Die Halbjahreszahlen 2006 (Umsatz: +3,4% auf 645 Mio. EUR; EBIT: 34 Mio. EUR nach 90 Mio. EUR) seien teilweise noch von dem im Vorjahr verkauften Marine-Service-Geschäft beeinflusst. Bereinigt um den Umsatzanteil dieser Einheit sei der Umsatz um 7% gestiegen. Das EBIT vor Einmaleffekten habe sich zeitgleich um beachtliche 50% verbessert, so dass die operative Marge deutlich von 3,6% auf 5,3% habe erhöht werden können. Zu der erfreulichen Umsatzsteigerung hätten vor allem die Kompakt- sowie Gasmotoren beigetragen, wohingegen die Erlöse mit Dieselmotoren aus dem Segment Power Systems planmäßig rückläufig gewesen seien. Insgesamt habe DEUTZ im 1. Halbjahr 2006 108.932 Motoren (+13%) verkauft.
Der Auftragseingang habe sich in den ersten sechs Monaten 2006 um 16% auf 818 Mio. EUR erhöht und sollte nach Erachten der Analysten eine gute Ausgangsbasis für das avisierte Wachstum in den kommenden Perioden darstellen. Auf vergleichbarer Basis habe der Ordereingang sogar bei über 21% gelegen. Der Auftragsbestand habe sich dementsprechend um 41% auf 407 Mio. EUR verbessert.
Während im Segment Kompaktmotoren die positiven Effekte aus der höheren Fertigungsauslastung, verbunden mit den fortgesetzten Maßnahmen zur Produktivitätssteigerung, die negativen Einflüsse aus den gestiegenen Materialkosten hätten übertreffen können, habe Power Systems insbesondere von den in 2005 durchgeführten Optimierungen der Organisations- und Kostenstruktur profitiert.
Unter der Maßgabe gleicher Rahmenbedingungen, insbesondere unveränderter Rohstoffpreise, rechne das DEUTZ-Management mit einer Fortsetzung der positiven Entwicklung des ersten Halbjahres. Insgesamt plane die Gesellschaft in 2006 mit einem bis zu zweistelligen prozentualen Umsatzanstieg. Nicht überraschend solle sich die EBIT-Rendite gegenüber dem Vorjahr spürbar verbessern. Den größten Ergebnisbeitrag werde dabei das Segment Kompaktmotoren leisten, wobei im Segment Power Systems der nachhaltige Turnaround ebenfalls zu einem weiter verbesserten operativen Ergebnis gegenüber 2005 beitragen solle.
Das Management prognostiziere dabei weiterhin, dass in der zweiten Jahreshälfte die ersten Effekte des zum Jahresbeginn gestarteten Effizienz- und Wachstumsprogramms (7 up) wirksam würden. Mit dieser Initiative wolle die Gesellschaft zudem die bislang erst für 2008 angestrebte EBIT-Marge von 7% bereits im kommenden Geschäftsjahr erzielen. Der Blick auf die Unternehmensentwicklung der vergangenen Jahre zeige einen beeindruckenden Turnaround, bei dem die Gesellschaft zuletzt sicherlich auch von der hohen Nachfrage der Abnehmerindustrie (Baumaschinenhersteller, Flurfördertechnik, Landtechnik) habe profitieren können.

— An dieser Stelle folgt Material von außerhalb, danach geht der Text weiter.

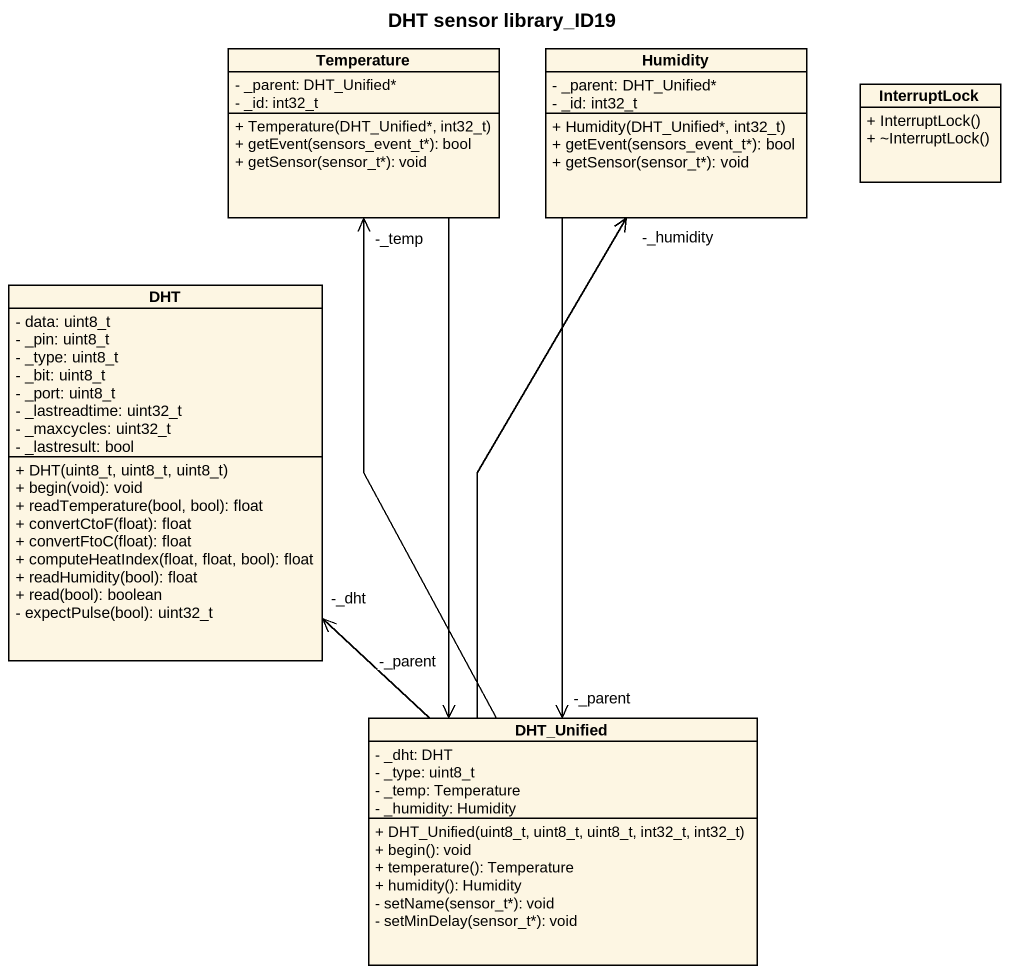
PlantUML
@startuml
title DHT sensor library_ID19
hide circle
hide empty members
skinparam classAttributeIconSize 0
class Temperature {
  - _parent: DHT_Unified*
  - _id: int32_t
  + Temperature(DHT_Unified*, int32_t)
  + getEvent(sensors_event_t*): bool
  + getSensor(sensor_t*): void
}
class Humidity {
  - _parent: DHT_Unified*
  - _id: int32_t
  + Humidity(DHT_Unified*, int32_t)
  + getEvent(sensors_event_t*): bool
  + getSensor(sensor_t*): void
}
class InterruptLock {
  + InterruptLock()
  + ~InterruptLock()
}
class DHT {
  - data: uint8_t
  - _pin: uint8_t
  - _type: uint8_t
  - _bit: uint8_t
  - _port: uint8_t
  - _lastreadtime: uint32_t
  - _maxcycles: uint32_t
  - _lastresult: bool
  + DHT(uint8_t, uint8_t, uint8_t)
  + begin(void): void
  + readTemperature(bool, bool): float
  + convertCtoF(float): float
  + convertFtoC(float): float
  + computeHeatIndex(float, float, bool): float
  + readHumidity(bool): float
  + read(bool): boolean
  - expectPulse(bool): uint32_t
}
class DHT_Unified {
  - _dht: DHT
  - _type: uint8_t
  - _temp: Temperature
  - _humidity: Humidity
  + DHT_Unified(uint8_t, uint8_t, uint8_t, int32_t, int32_t)
  + begin(): void
  + temperature(): Temperature
  + humidity(): Humidity
  - setName(sensor_t*): void
  - setMinDelay(sensor_t*): void
}
Temperature --> "-_parent" DHT_Unified
Humidity --> "-_parent" DHT_Unified
DHT_Unified -up-> "-_temp" Temperature
DHT_Unified -up-> "-_humidity" Humidity
DHT_Unified -up-> "-_dht" DHT
@enduml

In den kommenden Perioden werde DEUTZ von höheren Abrufen ihrer Großaktionäre Same und Volvo profitieren können, was nach Erachten der Analysten insgesamt zu Synergieeffekten in der Produktion führen sollte.
Angesichts der deutlichen Kurssteigerungen der letzten Monate und der damit verbundenen Höherbewertung sowie der weiter anzunehmenden Verwässerung des Gewinns je Aktie stufen die Analysten vom Bankhaus Lampe die DEUTZ-Aktie zunächst nur mit "halten" ein. Das Kursziel sehe man bei 8,50 EUR. (19.09.2006/ac/a/nw)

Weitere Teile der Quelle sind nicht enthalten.